LE PAUVRE MATELOT
Créé en avril 2001, cette
production de Peter Grimes avait fait figure d'événement,
notamment en raison d'une distribution assez exceptionnelle. Disons tout
de suite que cette reprise, sans être vraiment indigne, n'atteint
pas les mêmes sommets.
Pour qui a présent à
l'esprit l'interprétation de Ben Heppner (et ne parlons même
pas de Jon Vickers !), le choix d'Anthony Dean Griffey a quelque chose
de déconcertant. Physiquement, l'acteur est crédible, quoique
un peu monolithique ; vocalement, c'est plutôt le contraire. Griffrey
use et abuse en effet de la voix mixte : pas une note à partir du
haut médium qui ne soit émise en pure voix de poitrine. Dans
ces conditions, au lieu du frustre pêcheur, on a plutôt l'impression
d'avoir affaire à un P'tit Chanteur à la Croix de Bois qui
aurait grandi trop vite !
Certes, on m'objectera fort justement
que le créateur, Peter Pears, n'était pas franchement un
heldentenor,
mais on connaît les raisons extra-musicales du choix de Britten.
En l'occurrence, le choix d'un artiste avec ce type d'émission,
quelles que soient ses autres qualités, relève à mon
sens de l'erreur de casting.
Il revenait à Brigitte Hahn
la difficile tâche de succéder à l'émouvante
et regrettée Susan Chilcott. J'ai suffisamment critiqué Brigitte
Hahn lors de ses dernières apparitions (1)
pour lui tirer volontiers mon chapeau devant son interprétation
: une Ellen certes pleine de compassion, mais faible et dépassée
par sa mission (après tout, elle n'est plus là pour la scène
finale).
L'édition 2001 nous valait
une Auntie de luxe en la personne de Stephanie Blythe : Claire Powell ne
lui cède en rien, le personnage étant même un peu plus
"anglais" que celui campé par sa devancière.
Peter Sidhom est excellent en Balstrode
, capitaine qui en a vu d'autres et on retrouve avec plaisir la truculente
Mrs. Sedley de Della Jones, plus à l'aise ici que dans les Nozze.
L'ensemble de la distribution serait
à citer tant chacun est à sa place : ainsi Carolyn Sampson
et Valérie Condoluci, parfaites en petites grues, pour ne citer
que les benjamines.
Pour cette production, Graham Vick
a choisi de transposer l'action à l'époque contemporaine,
plus précisément durant les années Thatcher.
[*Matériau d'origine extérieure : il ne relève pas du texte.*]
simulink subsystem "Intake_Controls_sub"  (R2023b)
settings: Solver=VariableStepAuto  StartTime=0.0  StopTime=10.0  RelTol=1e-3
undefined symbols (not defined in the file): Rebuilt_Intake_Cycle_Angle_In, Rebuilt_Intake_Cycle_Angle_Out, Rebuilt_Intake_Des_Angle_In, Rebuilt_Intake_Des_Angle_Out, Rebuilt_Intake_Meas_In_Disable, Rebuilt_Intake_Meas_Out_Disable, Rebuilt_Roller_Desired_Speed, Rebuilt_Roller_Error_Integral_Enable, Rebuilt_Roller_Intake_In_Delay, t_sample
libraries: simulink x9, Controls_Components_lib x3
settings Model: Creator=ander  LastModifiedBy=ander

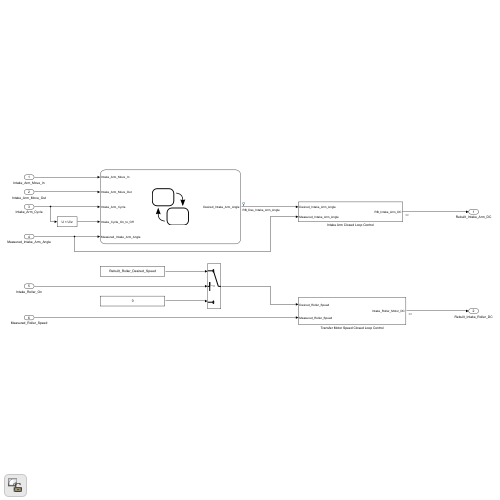
[thumbnail: Simulink's stored preview of the top-level diagram]
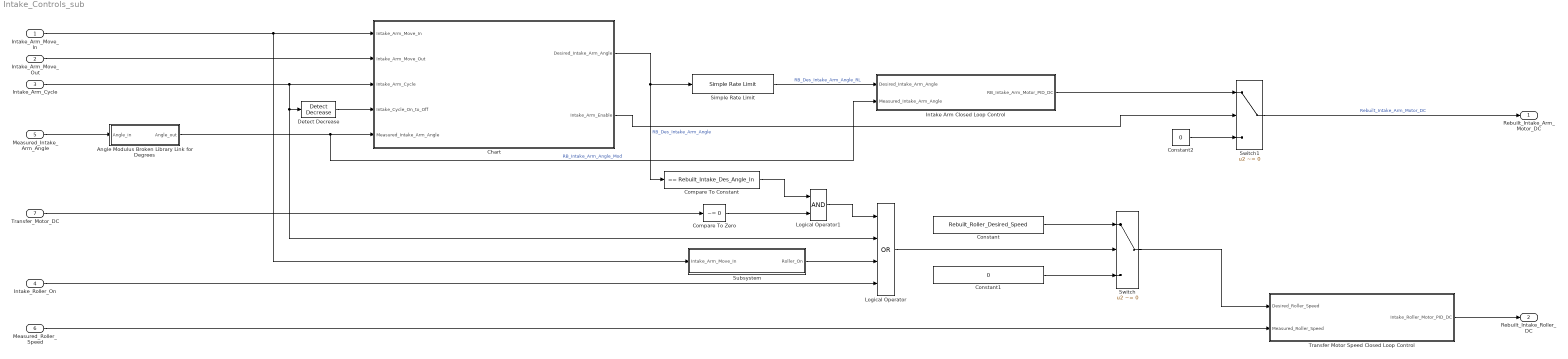
== system Intake_Controls_sub ==
  Intake_Arm_Move_In : Inport
  Intake_Arm_Move_Out : Inport  Port=2
  Intake_Arm_Cycle : Inport  Port=3
  Intake_Roller_On : Inport  Port=4
  Measured_Intake_Arm_Angle : Inport  Port=5
  Measured_Roller_Speed : Inport  Port=6
  Transfer_Motor_DC : Inport  Port=7
  Angle Modulus Broken Library Link for Degrees : Subsystem
  Chart : Stateflow chart  TreatAsAtomicUnit=on
  Compare To Constant : simulink/Logic and Bit Operations/Compare To Constant  relop===  const=Rebuilt_Intake_Des_Angle_In  OutDataTypeStr=boolean
  Compare To Zero : simulink/Logic and Bit Operations/Compare To Zero  relop=~=  OutDataTypeStr=boolean
  Constant : Constant  Value=Rebuilt_Roller_Desired_Speed
  Constant1 : Constant  Value=0
  Constant2 : Constant  Value=0
  Detect Decrease : simulink/Logic and Bit Operations/Detect Decrease  vinit=0.0  OutDataTypeStr=boolean
  Intake Arm Closed Loop Control : Subsystem
  Logical Operator : Logic  Operator=OR  Inputs=4  AllPortsSameDT=off  OutDataTypeStr=boolean
  Logical Operator1 : Logic  AllPortsSameDT=off  OutDataTypeStr=boolean
  Simple Rate Limit : Controls_Components_lib/Simple Rate Limit  Rate_Limit_Inc=Rebuilt_Intake_RL_Inc  Rate_Limit_Dec=Rebuilt_Intake_RL_Dec
  Subsystem : Subsystem
  Switch : Switch  Criteria=u2 ~= 0  SaturateOnIntegerOverflow=off  InputSameDT=off
  Switch1 : Switch  Criteria=u2 ~= 0  SaturateOnIntegerOverflow=off  InputSameDT=off
  Transfer Motor Speed Closed Loop Control : Subsystem
  Rebuilt_Intake_Arm_Motor_DC : Outport
  Rebuilt_Intake_Roller_DC : Outport  Port=2
  wires:
  Intake_Arm_Move_Out/1 -> Chart/2(Intake_Arm_Move_Out)
  Intake_Arm_Move_In/1 -> Subsystem/1(Intake_Arm_Move_In), Chart/1(Intake_Arm_Move_In)
  Intake_Arm_Cycle/1 -> Chart/3(Intake_Arm_Cycle), Detect Decrease/1, Logical Operator/2
  Measured_Intake_Arm_Angle/1 -> Angle Modulus Broken Library Link for Degrees/1(Angle_in)
  Detect Decrease/1 -> Chart/4(Intake_Cycle_On_to_Off)
  Chart/1(Desired_Intake_Arm_Angle) -> Simple Rate Limit/1, Compare To Constant/1  "RB_Des_Intake_Arm_Angle"
  Transfer Motor Speed Closed Loop Control/1(Intake_Roller_Motor_PID_DC) -> Rebuilt_Intake_Roller_DC/1
  Measured_Roller_Speed/1 -> Transfer Motor Speed Closed Loop Control/2(Measured_Roller_Speed)
  Switch/1 -> Transfer Motor Speed Closed Loop Control/1(Desired_Roller_Speed)
  Constant/1 -> Switch/1
  Constant1/1 -> Switch/3
  Simple Rate Limit/1 -> Intake Arm Closed Loop Control/1(Desired_Intake_Arm_Angle)  "RB_Des_Intake_Arm_Angle_RL"
  Angle Modulus Broken Library Link for Degrees/1(Angle_out) -> Chart/5(Measured_Intake_Arm_Angle), Intake Arm Closed Loop Control/2(Measured_Intake_Arm_Angle)  "RB_Intake_Arm_Angle_Mod"
  Intake_Roller_On/1 -> Logical Operator/4
  Logical Operator/1 -> Switch/2
  Subsystem/1(Roller_On) -> Logical Operator/3
  Transfer_Motor_DC/1 -> Compare To Zero/1
  Logical Operator1/1 -> Logical Operator/1
  Compare To Zero/1 -> Logical Operator1/2
  Compare To Constant/1 -> Logical Operator1/1
  Chart/2(Intake_Arm_Enable) -> Switch1/2
  Intake Arm Closed Loop Control/1(RB_Intake_Arm_Motor_PID_DC) -> Switch1/1
  Constant2/1 -> Switch1/3
  Switch1/1 -> Rebuilt_Intake_Arm_Motor_DC/1  "Rebuilt_Intake_Arm_Motor_DC"

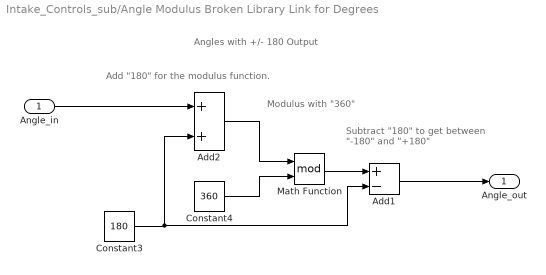
== system Intake_Controls_sub/Angle Modulus Broken Library Link for Degrees ==
  note: Add "180" for the modulus function.
  note: Modulus with "360"
  note: Subtract "180" to get
      | between "-180" and "+180"
  note: Angles with +/- 180 Output
  Angle_in : Inport
  Add1 : Sum  Inputs=+-
  Add2 : Sum
  Constant3 : Constant  Value=180
  Constant4 : Constant  Value=360
  Math Function : Math  Operator=mod
  Angle_out : Outport
  wires:
  Angle_in/1 -> Add2/1
  Constant3/1 -> Add1/2, Add2/2
  Add2/1 -> Math Function/1
  Constant4/1 -> Math Function/2
  Math Function/1 -> Add1/1
  Add1/1 -> Angle_out/1

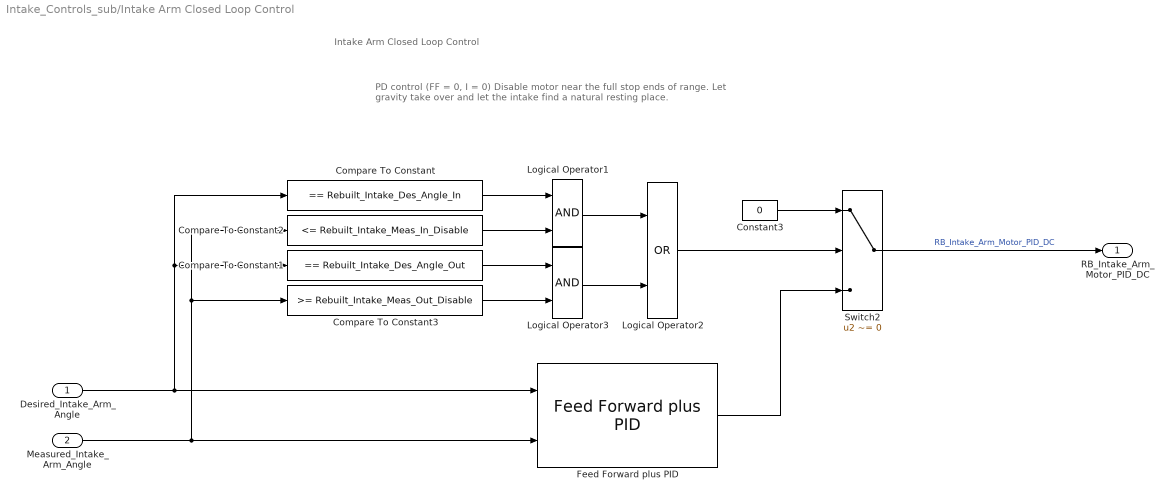
== system Intake_Controls_sub/Intake Arm Closed Loop Control ==
  note: Intake Arm Closed Loop Control
  note: PD control (FF = 0, I = 0)
      | Disable motor near the full stop ends of range.
      | Let gravity take over and let the intake find a natural resting place.
  Desired_Intake_Arm_Angle : Inport
  Measured_Intake_Arm_Angle : Inport  Port=2
  Compare To Constant : simulink/Logic and Bit Operations/Compare To Constant  relop===  const=Rebuilt_Intake_Des_Angle_In  OutDataTypeStr=boolean
  Compare To Constant1 : simulink/Logic and Bit Operations/Compare To Constant  relop===  const=Rebuilt_Intake_Des_Angle_Out  OutDataTypeStr=boolean
  Compare To Constant2 : simulink/Logic and Bit Operations/Compare To Constant  relop=<=  const=Rebuilt_Intake_Meas_In_Disable  OutDataTypeStr=boolean
  Compare To Constant3 : simulink/Logic and Bit Operations/Compare To Constant  relop=>=  const=Rebuilt_Intake_Meas_Out_Disable  OutDataTypeStr=boolean
  Constant3 : Constant  Value=0
  Feed Forward plus PID : Controls_Components_lib/Feed Forward plus PID  Gain_FF=0  Gain_P=Rebuilt_Intake_Arm_Gain_P  Gain_I=0  Gain_D=Rebuilt_Intake_Arm_Gain_D  FilterCoeff_D=0.1  Limit_I_Upper=0.1  Limit_I_Lower=-0.1  Limit_D_Upper=0.1  Limit_D_Lower=-0.1  Limit_T_Upper=1  Limit_T_Lower=-1
  Logical Operator1 : Logic  AllPortsSameDT=off  OutDataTypeStr=boolean
  Logical Operator2 : Logic  Operator=OR  AllPortsSameDT=off  OutDataTypeStr=boolean
  Logical Operator3 : Logic  AllPortsSameDT=off  OutDataTypeStr=boolean
  Switch2 : Switch  Criteria=u2 ~= 0  SaturateOnIntegerOverflow=off  InputSameDT=off
  RB_Intake_Arm_Motor_PID_DC : Outport
  wires:
  Feed Forward plus PID/1 -> Switch2/3
  Constant3/1 -> Switch2/1
  Logical Operator2/1 -> Switch2/2
  Compare To Constant3/1 -> Logical Operator3/2
  Compare To Constant2/1 -> Logical Operator1/2
  Compare To Constant1/1 -> Logical Operator3/1
  Compare To Constant/1 -> Logical Operator1/1
  Logical Operator3/1 -> Logical Operator2/2
  Logical Operator1/1 -> Logical Operator2/1
  Switch2/1 -> RB_Intake_Arm_Motor_PID_DC/1  "RB_Intake_Arm_Motor_PID_DC"
  Measured_Intake_Arm_Angle/1 -> Feed Forward plus PID/2, Compare To Constant3/1, Compare To Constant2/1
  Desired_Intake_Arm_Angle/1 -> Compare To Constant1/1, Compare To Constant/1, Feed Forward plus PID/1

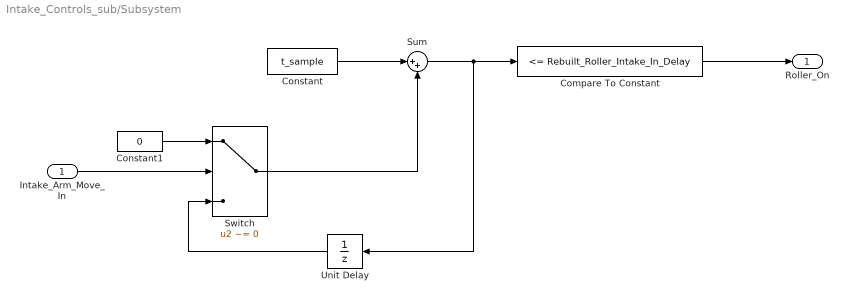
== system Intake_Controls_sub/Subsystem ==
  Intake_Arm_Move_In : Inport
  Compare To Constant : simulink/Logic and Bit Operations/Compare To Constant  relop=<=  const=Rebuilt_Roller_Intake_In_Delay  OutDataTypeStr=boolean
  Constant : Constant  Value=t_sample
  Constant1 : Constant  Value=0
  Sum : Sum  Inputs=|++
  Switch : Switch  Criteria=u2 ~= 0  SaturateOnIntegerOverflow=off  InputSameDT=off
  Unit Delay : UnitDelay  SampleTime=-1  HasFrameUpgradeWarning=on
  Roller_On : Outport
  wires:
  Switch/1 -> Sum/2
  Unit Delay/1 -> Switch/3
  Constant1/1 -> Switch/1
  Intake_Arm_Move_In/1 -> Switch/2
  Compare To Constant/1 -> Roller_On/1
  Sum/1 -> Unit Delay/1, Compare To Constant/1
  Constant/1 -> Sum/1

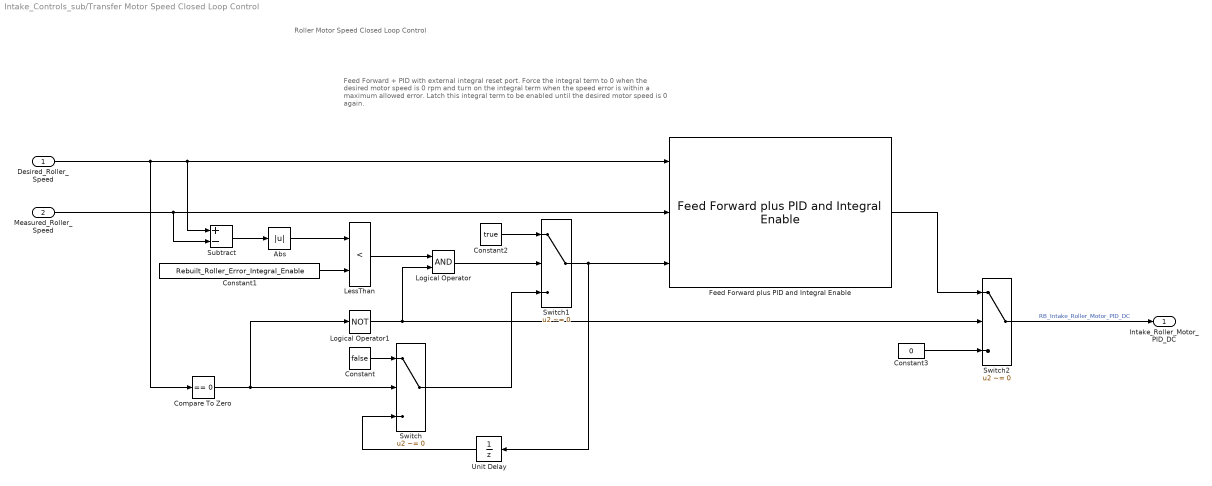
== system Intake_Controls_sub/Transfer Motor Speed Closed Loop Control ==
  note: Roller Motor Speed Closed Loop Control
  note: Feed Forward + PID with external integral reset port.
      |
      | Force the integral term to 0 when the desired motor speed is 0 rpm and turn on the integral term when the speed error is within a maximum allowed error.  Latch this integral term to be enabled until the desired motor speed is 0 again.
  Desired_Roller_Speed : Inport
  Measured_Roller_Speed : Inport  Port=2
  Abs : Abs  SaturateOnIntegerOverflow=off
  Compare To Zero : simulink/Logic and Bit Operations/Compare To Zero  relop===  OutDataTypeStr=boolean
  Constant : Constant  Value=false
  Constant1 : Constant  Value=Rebuilt_Roller_Error_Integral_Enable
  Constant2 : Constant  Value=true
  Constant3 : Constant  Value=0
  Feed Forward plus PID and Integral Enable : Controls_Components_lib/Feed Forward plus PID and Integral Enable  Gain_FF=Rebuilt_Roller_Motor_Gain_FF  Gain_P=Rebuilt_Roller_Motor_Gain_P  Gain_I=Rebuilt_Roller_Motor_Gain_I  Gain_D=0  FilterCoeff_D=0.1  Limit_I_Upper=0.1  Limit_I_Lower=-0.1  Limit_D_Upper=0.1  Limit_D_Lower=-0.1  Limit_T_Upper=1  Limit_T_Lower=-1
  LessThan : RelationalOperator  Operator=<  OutDataTypeStr=boolean  RndMeth=Simplest  InputSameDT=off
  Logical Operator : Logic  AllPortsSameDT=off  OutDataTypeStr=boolean
  Logical Operator1 : Logic  Operator=NOT  AllPortsSameDT=off  OutDataTypeStr=boolean
  Subtract : Sum  Inputs=+-
  Switch : Switch  Criteria=u2 ~= 0  SaturateOnIntegerOverflow=off  InputSameDT=off
  Switch1 : Switch  Criteria=u2 ~= 0  SaturateOnIntegerOverflow=off  InputSameDT=off
  Switch2 : Switch  Criteria=u2 ~= 0  SaturateOnIntegerOverflow=off  InputSameDT=off
  Unit Delay : UnitDelay  SampleTime=-1  HasFrameUpgradeWarning=on
  Intake_Roller_Motor_PID_DC : Outport
  wires:
  Feed Forward plus PID and Integral Enable/1 -> Switch2/1
  Switch2/1 -> Intake_Roller_Motor_PID_DC/1  "RB_Intake_Roller_Motor_PID_DC"
  Constant3/1 -> Switch2/3
  Unit Delay/1 -> Switch/3
  Switch/1 -> Switch1/3
  Switch1/1 -> Feed Forward plus PID and Integral Enable/3, Unit Delay/1
  Constant2/1 -> Switch1/1
  Constant/1 -> Switch/1
  Compare To Zero/1 -> Logical Operator1/1, Switch/2
  Desired_Roller_Speed/1 -> Subtract/1, Feed Forward plus PID and Integral Enable/1, Compare To Zero/1
  Measured_Roller_Speed/1 -> Feed Forward plus PID and Integral Enable/2, Subtract/2
  Abs/1 -> LessThan/1
  Constant1/1 -> LessThan/2
  Subtract/1 -> Abs/1
  LessThan/1 -> Logical Operator/1
  Logical Operator/1 -> Switch1/2
  Logical Operator1/1 -> Switch2/2, Logical Operator/2

== stateflow chart Intake_Controls_sub/Chart ==
  state Wait_for_Button
    entry: Desired_Intake_Arm_Angle = Measured_Intake_Arm_Angle;
    Intake_Arm_Enable = false;
  state Move_Intake_Arm_In
    entry: Desired_Intake_Arm_Angle = Rebuilt_Intake_Des_Angle_In;
    Intake_Arm_Enable = true;
  state Move_Intake_Arm_Out
    entry: Desired_Intake_Arm_Angle = Rebuilt_Intake_Des_Angle_Out;
    Intake_Arm_Enable = true;
  (default) -> Wait_for_Button
  Wait_for_Button -> Move_Intake_Arm_In [order 1] : [Intake_Arm_Move_In || ...
      | Intake_Arm_Cycle]
  Wait_for_Button -> Move_Intake_Arm_Out [order 2] : [Intake_Arm_Move_Out || ...
      | Intake_Arm_Cycle]
  Move_Intake_Arm_In -> Move_Intake_Arm_Out : [Intake_Arm_Move_Out || ...
      | (Intake_Arm_Cycle && ...
      | Measured_Intake_Arm_Angle < ...
      | Rebuilt_Intake_Cycle_Angle_In) || ...
      | Intake_Cycle_On_to_Off]
  Move_Intake_Arm_Out -> Move_Intake_Arm_In : [Intake_Arm_Move_In || ...
      | (Intake_Arm_Cycle && ...
      | Measured_Intake_Arm_Angle > ...
      | Rebuilt_Intake_Cycle_Angle_Out)]
  data: Intake_Arm_Move_In input; Intake_Arm_Move_Out input; Intake_Arm_Cycle input; Intake_Cycle_On_to_Off input; Measured_Intake_Arm_Angle input; Desired_Intake_Arm_Angle output; Rebuilt_Intake_Cycle_Angle_In parameter; Rebuilt_Intake_Des_Angle_Out parameter; Rebuilt_Intake_Des_Angle_In parameter; Rebuilt_Intake_Cycle_Angle_Out parameter; Intake_Arm_Enable output boolean

S'il
s'agit de nous démontrer la persistance du refus de la différence
dans notre société, pourquoi pas : notre époque n'a-t-elle
pas inventé des termes comme "politically correct" pour classifier
le conformisme qu'elle entend faire régner ?
En réalité, ce parti
n'est pas heureux, ou du moins pas complètement assumé. Le
choix de l'époque et du lieu ne sont pas le fait du hasard : le
village décrit dans le livret est une assemblée de pêcheurs
isolés qui, en cas de coup dur, ne peut compter que sur elle-même
et sur la solidarité de ses membres ; par construction, cette communauté
ne peut tolérer la différence d'un des siens, car celle-ci
porte en elle le germe d'un individualisme qui viendrait mettre en péril
cette construction sociale.
Dans ces conditions, que nous apporte
cette transposition, alors que les années Thatcher sont plutôt
une décennie d'individualisme triomphant ? Figurer une cité
de mineurs gallois confrontée à la fermeture de son site
aurait eu davantage de sens. Reste un spectacle coloré et agréable,
des personnages bien campés, une direction d'acteur efficace : seul
bémol, une scène orgiaque faussement provocante dont on peine
à trouver la justification.
J'attendais avec beaucoup d'intérêt
la présence sur le podium de Stéphane Denève : c'est
Roderick Brydon qui le remplace, avec professionnalisme mais sans grand
génie. On en vient parfois même à regretter le James
Conlon de la création, excessivement bruyant mais plus engagé.
Placido CARREROTTI
Notes
1. Une
quinzaine de Comtesse, une dizaine de Rosalinde, maintenant une demi douzaine
d'Ellen Ford : plus de 20 apparitions en moins de 6 mois, il n'y a que
le "prix de gros" qui puisse justifier une telle présence.